– Budjette’s impression of Brad Pitt in Se7en.
This gets filed under Pointless Anecdotes or Stuff I’d Forgotten I Wrote.
We were looking for the house of Graciano Lopez Jaena. According to the map of Iloilo City, the Lopez Jaena birthplace—which I’d assumed was a house—was not far from the Lopez Jaena monument in the Bellfry Plaza. Yes, with two L’s.
In Bellfry Plaza there is a fountain whose waters were reportedly miraculous. The fountain has been enclosed in a steel fence because some people took to washing their dirty laundry in it.
On our first attempt to find the Lopez Jaena place, the map was rather vague and Ruth decided to ask for directions. She was the designated asker for directions, as she speaks Ilonggo. She approached this guy in an undershirt. Not the guy I would’ve picked to get directions from: his eyeballs were in constant motion, and he had a demented grin. She repeated the question twice, then showed him the map; he gawked at the map, then pointed to the distance. She thanked him. He punched her in the arm in a friendly manner, then walked off, twitching like Toshiro Mifune in Yojimbo.
Graciano Lopez Jaena was editor of La Solidaridad and a noted orator. The marker on his monument said he died in Barcelona in 1896. Where was the house he was born in?
There was a small crowd gathered on the edge of the plaza. Oh no, I thought, an evangelist with an amplifier.
It wasn’t a Bible-thumper, it was a guy with a wooden box like shoeshine boys carry. He opened the box and extracted a large mottled brown snake. It was a python, about seven feet long. The guy jabbered into a microphone in Ilonggo. The audience laughed appreciatively. He “interviewed” the python about its habits, and it “answered” his questions. The audience applauded. I don’t think they were clapping because they believed him; more likely they were being nice to him.
I don’t know exactly what the snake-guy was doing—my impression was that he was going to segue into a sales pitch. Snake oil maybe, or matching shoes and handbags. After a few minutes he put the snake back in the box. It leapt out and tried to strike him. “Ooh, he’s in a bad mood,” the guy said. “I’ll pray over him.” He recited an oracion in pig Latin.

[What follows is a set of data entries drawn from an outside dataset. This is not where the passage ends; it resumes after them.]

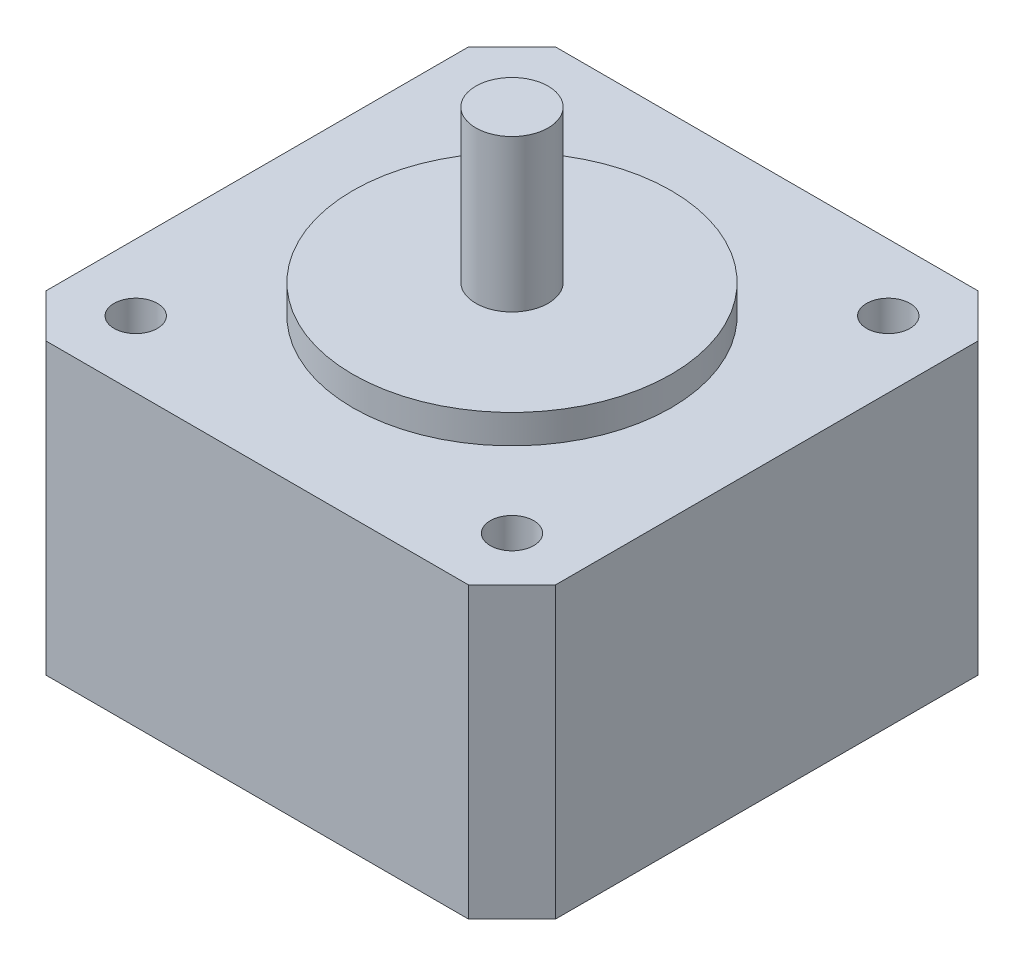
ISO-10303-21;
HEADER;
FILE_DESCRIPTION(('STEP AP214'),'2;1');
FILE_NAME('part.step','',(''),(''),'','','');
FILE_SCHEMA(('AUTOMOTIVE_DESIGN { 1 0 10303 214 1 1 1 1 }'));
ENDSEC;
DATA;
#1=APPLICATION_CONTEXT('core data for automotive mechanical design processes');
#2=APPLICATION_PROTOCOL_DEFINITION('international standard','automotive_design',2000,#1);
#3=PRODUCT_CONTEXT('',#1,'mechanical');
#4=PRODUCT('Part','Part','',(#3));
#5=PRODUCT_RELATED_PRODUCT_CATEGORY('part','',(#4));
#6=PRODUCT_DEFINITION_FORMATION('','',#4);
#7=PRODUCT_DEFINITION_CONTEXT('part definition',#1,'design');
#8=PRODUCT_DEFINITION('design','',#6,#7);
#9=PRODUCT_DEFINITION_SHAPE('','',#8);
#10=(LENGTH_UNIT() NAMED_UNIT(*) SI_UNIT(.MILLI.,.METRE.));
#11=(NAMED_UNIT(*) PLANE_ANGLE_UNIT() SI_UNIT($,.RADIAN.));
#12=(NAMED_UNIT(*) SI_UNIT($,.STERADIAN.) SOLID_ANGLE_UNIT());
#13=UNCERTAINTY_MEASURE_WITH_UNIT(LENGTH_MEASURE(1.E-05),#10,'distance_accuracy_value','');
#14=(GEOMETRIC_REPRESENTATION_CONTEXT(3) GLOBAL_UNCERTAINTY_ASSIGNED_CONTEXT((#13)) GLOBAL_UNIT_ASSIGNED_CONTEXT((#10,
#11,#12)) REPRESENTATION_CONTEXT('',''));
#15=CARTESIAN_POINT('',(0.,0.,0.));
#16=DIRECTION('',(0.,0.,1.));
#17=DIRECTION('',(1.,0.,0.));
#18=AXIS2_PLACEMENT_3D('',#15,#16,#17);
#19=CARTESIAN_POINT('',(17.6,20.,17.6));
#20=DIRECTION('',(-1.,0.,0.));
#21=DIRECTION('',(0.,0.,1.));
#22=AXIS2_PLACEMENT_3D('',#19,#20,#21);
#23=PLANE('',#22);
#24=DIRECTION('',(0.,0.,-1.));
#25=VECTOR('',#24,1.);
#26=CARTESIAN_POINT('',(17.6,0.,17.6));
#27=LINE('',#26,#25);
#28=CARTESIAN_POINT('',(17.6,0.,14.6));
#29=VERTEX_POINT('',#28);
#30=CARTESIAN_POINT('',(17.6,0.,-14.6));
#31=VERTEX_POINT('',#30);
#32=EDGE_CURVE('E166',#29,#31,#27,.T.);
#33=ORIENTED_EDGE('',*,*,#32,.T.);
#34=DIRECTION('',(0.,1.,0.));
#35=VECTOR('',#34,1.);
#36=CARTESIAN_POINT('',(17.6,20.,-14.6));
#37=LINE('',#36,#35);
#38=CARTESIAN_POINT('',(17.6,20.,-14.6));
#39=VERTEX_POINT('',#38);
#40=EDGE_CURVE('E11',#31,#39,#37,.T.);
#41=ORIENTED_EDGE('',*,*,#40,.T.);
#42=DIRECTION('',(0.,0.,-1.));
#43=VECTOR('',#42,1.);
#44=CARTESIAN_POINT('',(17.6,20.,17.6));
#45=LINE('',#44,#43);
#46=CARTESIAN_POINT('',(17.6,20.,14.6));
#47=VERTEX_POINT('',#46);
#48=EDGE_CURVE('E133',#47,#39,#45,.T.);
#49=ORIENTED_EDGE('',*,*,#48,.F.);
#50=DIRECTION('',(0.,-1.,0.));
#51=VECTOR('',#50,1.);
#52=CARTESIAN_POINT('',(17.6,20.,14.6));
#53=LINE('',#52,#51);
#54=EDGE_CURVE('E49',#47,#29,#53,.T.);
#55=ORIENTED_EDGE('',*,*,#54,.T.);
#56=EDGE_LOOP('',(#33,#41,#49,#55));
#57=FACE_BOUND('',#56,.T.);
#58=ADVANCED_FACE('F40',(#57),#23,.F.);
#59=CARTESIAN_POINT('',(-17.6,20.,-17.6));
#60=DIRECTION('',(0.,0.,1.));
#61=DIRECTION('',(1.,0.,0.));
#62=AXIS2_PLACEMENT_3D('',#59,#60,#61);
#63=PLANE('',#62);
#64=DIRECTION('',(-1.,0.,0.));
#65=VECTOR('',#64,1.);
#66=CARTESIAN_POINT('',(-17.6,0.,-17.6));
#67=LINE('',#66,#65);
#68=CARTESIAN_POINT('',(14.6,0.,-17.6));
#69=VERTEX_POINT('',#68);
#70=CARTESIAN_POINT('',(-14.6,0.,-17.6));
#71=VERTEX_POINT('',#70);
#72=EDGE_CURVE('E138',#69,#71,#67,.T.);
#73=ORIENTED_EDGE('',*,*,#72,.T.);
#74=DIRECTION('',(0.,1.,0.));
#75=VECTOR('',#74,1.);
#76=CARTESIAN_POINT('',(-14.6,20.,-17.6));
#77=LINE('',#76,#75);
#78=CARTESIAN_POINT('',(-14.6,20.,-17.6));
#79=VERTEX_POINT('',#78);
#80=EDGE_CURVE('E56',#71,#79,#77,.T.);
#81=ORIENTED_EDGE('',*,*,#80,.T.);
#82=DIRECTION('',(-1.,0.,0.));
#83=VECTOR('',#82,1.);
#84=CARTESIAN_POINT('',(-17.6,20.,-17.6));
#85=LINE('',#84,#83);
#86=CARTESIAN_POINT('',(14.6,20.,-17.6));
#87=VERTEX_POINT('',#86);
#88=EDGE_CURVE('E136',#87,#79,#85,.T.);
#89=ORIENTED_EDGE('',*,*,#88,.F.);
#90=DIRECTION('',(0.,-1.,0.));
#91=VECTOR('',#90,1.);
#92=CARTESIAN_POINT('',(14.6,20.,-17.6));
#93=LINE('',#92,#91);
#94=EDGE_CURVE('E158',#87,#69,#93,.T.);
#95=ORIENTED_EDGE('',*,*,#94,.T.);
#96=EDGE_LOOP('',(#73,#81,#89,#95));
#97=FACE_BOUND('',#96,.T.);
#98=ADVANCED_FACE('F231',(#97),#63,.F.);
#99=CARTESIAN_POINT('',(-17.6,20.,17.6));
#100=DIRECTION('',(1.,0.,0.));
#101=DIRECTION('',(0.,0.,-1.));
#102=AXIS2_PLACEMENT_3D('',#99,#100,#101);
#103=PLANE('',#102);
#104=DIRECTION('',(0.,0.,1.));
#105=VECTOR('',#104,1.);
#106=CARTESIAN_POINT('',(-17.6,0.,17.6));
#107=LINE('',#106,#105);
#108=CARTESIAN_POINT('',(-17.6,0.,-14.6));
#109=VERTEX_POINT('',#108);
#110=CARTESIAN_POINT('',(-17.6,0.,14.6));
#111=VERTEX_POINT('',#110);
#112=EDGE_CURVE('E134',#109,#111,#107,.T.);
#113=ORIENTED_EDGE('',*,*,#112,.T.);
#114=DIRECTION('',(0.,1.,0.));
#115=VECTOR('',#114,1.);
#116=CARTESIAN_POINT('',(-17.6,20.,14.6));
#117=LINE('',#116,#115);
#118=CARTESIAN_POINT('',(-17.6,20.,14.6));
#119=VERTEX_POINT('',#118);
#120=EDGE_CURVE('E112',#111,#119,#117,.T.);
#121=ORIENTED_EDGE('',*,*,#120,.T.);
#122=DIRECTION('',(0.,0.,1.));
#123=VECTOR('',#122,1.);
#124=CARTESIAN_POINT('',(-17.6,20.,17.6));
#125=LINE('',#124,#123);
#126=CARTESIAN_POINT('',(-17.6,20.,-14.6));
#127=VERTEX_POINT('',#126);
#128=EDGE_CURVE('E179',#127,#119,#125,.T.);
#129=ORIENTED_EDGE('',*,*,#128,.F.);
#130=DIRECTION('',(0.,-1.,0.));
#131=VECTOR('',#130,1.);
#132=CARTESIAN_POINT('',(-17.6,20.,-14.6));
#133=LINE('',#132,#131);
#134=EDGE_CURVE('E117',#127,#109,#133,.T.);
#135=ORIENTED_EDGE('',*,*,#134,.T.);
#136=EDGE_LOOP('',(#113,#121,#129,#135));
#137=FACE_BOUND('',#136,.T.);
#138=ADVANCED_FACE('F228',(#137),#103,.F.);
#139=CARTESIAN_POINT('',(-17.6,20.,17.6));
#140=DIRECTION('',(0.,0.,-1.));
#141=DIRECTION('',(-1.,0.,0.));
#142=AXIS2_PLACEMENT_3D('',#139,#140,#141);
#143=PLANE('',#142);
#144=DIRECTION('',(1.,0.,0.));
#145=VECTOR('',#144,1.);
#146=CARTESIAN_POINT('',(-17.6,20.,17.6));
#147=LINE('',#146,#145);
#148=CARTESIAN_POINT('',(-14.6,20.,17.6));
#149=VERTEX_POINT('',#148);
#150=CARTESIAN_POINT('',(14.6,20.,17.6));
#151=VERTEX_POINT('',#150);
#152=EDGE_CURVE('E127',#149,#151,#147,.T.);
#153=ORIENTED_EDGE('',*,*,#152,.F.);
#154=DIRECTION('',(0.,-1.,0.));
#155=VECTOR('',#154,1.);
#156=CARTESIAN_POINT('',(-14.6,20.,17.6));
#157=LINE('',#156,#155);
#158=CARTESIAN_POINT('',(-14.6,0.,17.6));
#159=VERTEX_POINT('',#158);
#160=EDGE_CURVE('E111',#149,#159,#157,.T.);
#161=ORIENTED_EDGE('',*,*,#160,.T.);
#162=DIRECTION('',(1.,0.,0.));
#163=VECTOR('',#162,1.);
#164=CARTESIAN_POINT('',(-17.6,0.,17.6));
#165=LINE('',#164,#163);
#166=CARTESIAN_POINT('',(14.6,0.,17.6));
#167=VERTEX_POINT('',#166);
#168=EDGE_CURVE('E124',#159,#167,#165,.T.);
#169=ORIENTED_EDGE('',*,*,#168,.T.);
#170=DIRECTION('',(0.,1.,0.));
#171=VECTOR('',#170,1.);
#172=CARTESIAN_POINT('',(14.6,20.,17.6));
#173=LINE('',#172,#171);
#174=EDGE_CURVE('E129',#167,#151,#173,.T.);
#175=ORIENTED_EDGE('',*,*,#174,.T.);
#176=EDGE_LOOP('',(#153,#161,#169,#175));
#177=FACE_BOUND('',#176,.T.);
#178=ADVANCED_FACE('F123',(#177),#143,.F.);
#179=CARTESIAN_POINT('',(0.,20.,0.));
#180=DIRECTION('',(0.,-1.,0.));
#181=DIRECTION('',(0.,0.,-1.));
#182=AXIS2_PLACEMENT_3D('',#179,#180,#181);
#183=PLANE('',#182);
#184=CARTESIAN_POINT('',(-13.0000000000001,20.,12.9999999999999));
#185=DIRECTION('',(0.,1.,0.));
#186=DIRECTION('',(0.,0.,1.));
#187=AXIS2_PLACEMENT_3D('',#184,#185,#186);
#188=CIRCLE('',#187,1.5);
#189=CARTESIAN_POINT('',(-13.0000000000001,20.,14.4999999999999));
#190=VERTEX_POINT('',#189);
#191=EDGE_CURVE('E199',#190,#190,#188,.T.);
#192=ORIENTED_EDGE('',*,*,#191,.F.);
#193=EDGE_LOOP('',(#192));
#194=FACE_BOUND('',#193,.T.);
#195=CARTESIAN_POINT('',(12.9999999999999,20.,13.0000000000001));
#196=DIRECTION('',(0.,1.,0.));
#197=DIRECTION('',(0.,0.,1.));
#198=AXIS2_PLACEMENT_3D('',#195,#196,#197);
#199=CIRCLE('',#198,1.5);
#200=CARTESIAN_POINT('',(12.9999999999999,20.,14.5000000000001));
#201=VERTEX_POINT('',#200);
#202=EDGE_CURVE('E205',#201,#201,#199,.T.);
#203=ORIENTED_EDGE('',*,*,#202,.F.);
#204=EDGE_LOOP('',(#203));
#205=FACE_BOUND('',#204,.T.);
#206=CARTESIAN_POINT('',(13.,20.,-13.));
#207=DIRECTION('',(0.,1.,0.));
#208=DIRECTION('',(0.,0.,1.));
#209=AXIS2_PLACEMENT_3D('',#206,#207,#208);
#210=CIRCLE('',#209,1.5);
#211=CARTESIAN_POINT('',(13.,20.,-11.5));
#212=VERTEX_POINT('',#211);
#213=EDGE_CURVE('E193',#212,#212,#210,.T.);
#214=ORIENTED_EDGE('',*,*,#213,.F.);
#215=EDGE_LOOP('',(#214));
#216=FACE_BOUND('',#215,.T.);
#217=CARTESIAN_POINT('',(-13.,20.,-13.));
#218=DIRECTION('',(0.,1.,0.));
#219=DIRECTION('',(0.,0.,1.));
#220=AXIS2_PLACEMENT_3D('',#217,#218,#219);
#221=CIRCLE('',#220,1.5);
#222=CARTESIAN_POINT('',(-13.,20.,-11.5));
#223=VERTEX_POINT('',#222);
#224=EDGE_CURVE('E190',#223,#223,#221,.T.);
#225=ORIENTED_EDGE('',*,*,#224,.F.);
#226=EDGE_LOOP('',(#225));
#227=FACE_BOUND('',#226,.T.);
#228=CARTESIAN_POINT('',(0.,20.,0.));
#229=DIRECTION('',(0.,1.,0.));
#230=DIRECTION('',(0.,0.,1.));
#231=AXIS2_PLACEMENT_3D('',#228,#229,#230);
#232=CIRCLE('',#231,11.);
#233=CARTESIAN_POINT('',(0.,20.,11.));
#234=VERTEX_POINT('',#233);
#235=EDGE_CURVE('E178',#234,#234,#232,.T.);
#236=ORIENTED_EDGE('',*,*,#235,.F.);
#237=EDGE_LOOP('',(#236));
#238=FACE_BOUND('',#237,.T.);
#239=ORIENTED_EDGE('',*,*,#128,.T.);
#240=DIRECTION('',(-0.707106781186546,0.,-0.707106781186549));
#241=VECTOR('',#240,1.);
#242=CARTESIAN_POINT('',(-14.6,20.,17.6));
#243=LINE('',#242,#241);
#244=EDGE_CURVE('E156',#119,#149,#243,.F.);
#245=ORIENTED_EDGE('',*,*,#244,.T.);
#246=ORIENTED_EDGE('',*,*,#152,.T.);
#247=DIRECTION('',(-0.707106781186549,0.,0.707106781186546));
#248=VECTOR('',#247,1.);
#249=CARTESIAN_POINT('',(17.6,20.,14.6));
#250=LINE('',#249,#248);
#251=EDGE_CURVE('E151',#151,#47,#250,.F.);
#252=ORIENTED_EDGE('',*,*,#251,.T.);
#253=ORIENTED_EDGE('',*,*,#48,.T.);
#254=DIRECTION('',(0.707106781186546,0.,0.707106781186549));
#255=VECTOR('',#254,1.);
#256=CARTESIAN_POINT('',(14.6,20.,-17.6));
#257=LINE('',#256,#255);
#258=EDGE_CURVE('E63',#39,#87,#257,.F.);
#259=ORIENTED_EDGE('',*,*,#258,.T.);
#260=ORIENTED_EDGE('',*,*,#88,.T.);
#261=DIRECTION('',(0.707106781186549,0.,-0.707106781186546));
#262=VECTOR('',#261,1.);
#263=CARTESIAN_POINT('',(-17.6,20.,-14.6));
#264=LINE('',#263,#262);
#265=EDGE_CURVE('E154',#79,#127,#264,.F.);
#266=ORIENTED_EDGE('',*,*,#265,.T.);
#267=EDGE_LOOP('',(#239,#245,#246,#252,#253,#259,#260,#266));
#268=FACE_BOUND('',#267,.T.);
#269=ADVANCED_FACE('F216',(#194,#205,#216,#227,#238,#268),#183,.F.);
#270=CARTESIAN_POINT('',(0.,0.,0.));
#271=DIRECTION('',(0.,-1.,0.));
#272=DIRECTION('',(0.,0.,-1.));
#273=AXIS2_PLACEMENT_3D('',#270,#271,#272);
#274=PLANE('',#273);
#275=ORIENTED_EDGE('',*,*,#168,.F.);
#276=DIRECTION('',(0.707106781186546,0.,0.707106781186549));
#277=VECTOR('',#276,1.);
#278=CARTESIAN_POINT('',(-16.1,0.,16.1));
#279=LINE('',#278,#277);
#280=EDGE_CURVE('E107',#159,#111,#279,.F.);
#281=ORIENTED_EDGE('',*,*,#280,.T.);
#282=ORIENTED_EDGE('',*,*,#112,.F.);
#283=DIRECTION('',(-0.707106781186549,0.,0.707106781186546));
#284=VECTOR('',#283,1.);
#285=CARTESIAN_POINT('',(-16.1,0.,-16.1));
#286=LINE('',#285,#284);
#287=EDGE_CURVE('E118',#109,#71,#286,.F.);
#288=ORIENTED_EDGE('',*,*,#287,.T.);
#289=ORIENTED_EDGE('',*,*,#72,.F.);
#290=DIRECTION('',(-0.707106781186546,0.,-0.707106781186549));
#291=VECTOR('',#290,1.);
#292=CARTESIAN_POINT('',(16.1,0.,-16.1));
#293=LINE('',#292,#291);
#294=EDGE_CURVE('E145',#69,#31,#293,.F.);
#295=ORIENTED_EDGE('',*,*,#294,.T.);
#296=ORIENTED_EDGE('',*,*,#32,.F.);
#297=DIRECTION('',(0.707106781186549,0.,-0.707106781186546));
#298=VECTOR('',#297,1.);
#299=CARTESIAN_POINT('',(16.1,0.,16.1));
#300=LINE('',#299,#298);
#301=EDGE_CURVE('E128',#29,#167,#300,.F.);
#302=ORIENTED_EDGE('',*,*,#301,.T.);
#303=EDGE_LOOP('',(#275,#281,#282,#288,#289,#295,#296,#302));
#304=FACE_BOUND('',#303,.T.);
#305=ADVANCED_FACE('F131',(#304),#274,.T.);
#306=CARTESIAN_POINT('',(0.,22.,0.));
#307=DIRECTION('',(0.,-1.,0.));
#308=DIRECTION('',(0.,0.,-1.));
#309=AXIS2_PLACEMENT_3D('',#306,#307,#308);
#310=CYLINDRICAL_SURFACE('',#309,11.);
#311=CARTESIAN_POINT('',(0.,22.,0.));
#312=DIRECTION('',(0.,1.,0.));
#313=DIRECTION('',(0.,0.,1.));
#314=AXIS2_PLACEMENT_3D('',#311,#312,#313);
#315=CIRCLE('',#314,11.);
#316=CARTESIAN_POINT('',(0.,22.,11.));
#317=VERTEX_POINT('',#316);
#318=EDGE_CURVE('E171',#317,#317,#315,.T.);
#319=ORIENTED_EDGE('',*,*,#318,.F.);
#320=EDGE_LOOP('',(#319));
#321=FACE_BOUND('',#320,.T.);
#322=ORIENTED_EDGE('',*,*,#235,.T.);
#323=EDGE_LOOP('',(#322));
#324=FACE_BOUND('',#323,.T.);
#325=ADVANCED_FACE('F395',(#321,#324),#310,.T.);
#326=CARTESIAN_POINT('',(0.,22.,0.));
#327=DIRECTION('',(0.,1.,0.));
#328=DIRECTION('',(0.,0.,1.));
#329=AXIS2_PLACEMENT_3D('',#326,#327,#328);
#330=PLANE('',#329);
#331=CARTESIAN_POINT('',(0.,22.,0.));
#332=DIRECTION('',(0.,1.,0.));
#333=DIRECTION('',(0.,0.,1.));
#334=AXIS2_PLACEMENT_3D('',#331,#332,#333);
#335=CIRCLE('',#334,2.5);
#336=CARTESIAN_POINT('',(0.,22.,-2.5));
#337=VERTEX_POINT('',#336);
#338=EDGE_CURVE('E142',#337,#337,#335,.T.);
#339=ORIENTED_EDGE('',*,*,#338,.F.);
#340=EDGE_LOOP('',(#339));
#341=FACE_BOUND('',#340,.T.);
#342=ORIENTED_EDGE('',*,*,#318,.T.);
#343=EDGE_LOOP('',(#342));
#344=FACE_BOUND('',#343,.T.);
#345=ADVANCED_FACE('F385',(#341,#344),#330,.T.);
#346=CARTESIAN_POINT('',(0.,32.5,0.));
#347=DIRECTION('',(0.,-1.,0.));
#348=DIRECTION('',(0.,0.,-1.));
#349=AXIS2_PLACEMENT_3D('',#346,#347,#348);
#350=CYLINDRICAL_SURFACE('',#349,2.5);
#351=CARTESIAN_POINT('',(0.,32.5,0.));
#352=DIRECTION('',(0.,1.,0.));
#353=DIRECTION('',(0.,0.,1.));
#354=AXIS2_PLACEMENT_3D('',#351,#352,#353);
#355=CIRCLE('',#354,2.5);
#356=CARTESIAN_POINT('',(0.,32.5,-2.5));
#357=VERTEX_POINT('',#356);
#358=EDGE_CURVE('E174',#357,#357,#355,.T.);
#359=CARTESIAN_POINT('',(0.,32.5,-2.5));
#360=CARTESIAN_POINT('',(0.,32.390625,-2.5));
#361=CARTESIAN_POINT('',(0.,32.28125,-2.5));
#362=CARTESIAN_POINT('',(0.,32.0625,-2.5));
#363=CARTESIAN_POINT('',(0.,31.953125,-2.5));
#364=CARTESIAN_POINT('',(0.,31.734375,-2.5));
#365=CARTESIAN_POINT('',(0.,31.625,-2.5));
#366=CARTESIAN_POINT('',(0.,31.40625,-2.5));
#367=CARTESIAN_POINT('',(0.,31.296875,-2.5));
#368=CARTESIAN_POINT('',(0.,31.078125,-2.5));
#369=CARTESIAN_POINT('',(0.,30.96875,-2.5));
#370=CARTESIAN_POINT('',(0.,30.75,-2.5));
#371=CARTESIAN_POINT('',(0.,30.640625,-2.5));
#372=CARTESIAN_POINT('',(0.,30.421875,-2.5));
#373=CARTESIAN_POINT('',(0.,30.3125,-2.5));
#374=CARTESIAN_POINT('',(0.,30.09375,-2.5));
#375=CARTESIAN_POINT('',(0.,29.984375,-2.5));
#376=CARTESIAN_POINT('',(0.,29.765625,-2.5));
#377=CARTESIAN_POINT('',(0.,29.65625,-2.5));
#378=CARTESIAN_POINT('',(0.,29.4375,-2.5));
#379=CARTESIAN_POINT('',(0.,29.328125,-2.5));
#380=CARTESIAN_POINT('',(0.,29.109375,-2.5));
#381=CARTESIAN_POINT('',(0.,29.,-2.5));
#382=CARTESIAN_POINT('',(0.,28.78125,-2.5));
#383=CARTESIAN_POINT('',(0.,28.671875,-2.5));
#384=CARTESIAN_POINT('',(0.,28.453125,-2.5));
#385=CARTESIAN_POINT('',(0.,28.34375,-2.5));
#386=CARTESIAN_POINT('',(0.,28.125,-2.5));
#387=CARTESIAN_POINT('',(0.,28.015625,-2.5));
#388=CARTESIAN_POINT('',(0.,27.796875,-2.5));
#389=CARTESIAN_POINT('',(0.,27.6875,-2.5));
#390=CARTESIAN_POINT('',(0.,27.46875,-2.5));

The snake promptly shot out of the box again, barely missing him. “Maybe he didn’t get the Latin,” the guy cheerfully announced. “Let’s try again, this time in Ilonggo.” He recited another prayer. The snake tried to strike him again.
Snake-guy turned to his assistant. “Did you feed him today?” The boy gaped at him and slowly shook his head. “That rat we caught this morning, you should have fed it to the snake.” The boy responded with a look of pure duh.
I would’ve stayed to watch some more, but the sun was beating down. Off we went in search of Lopez Jaena’s house.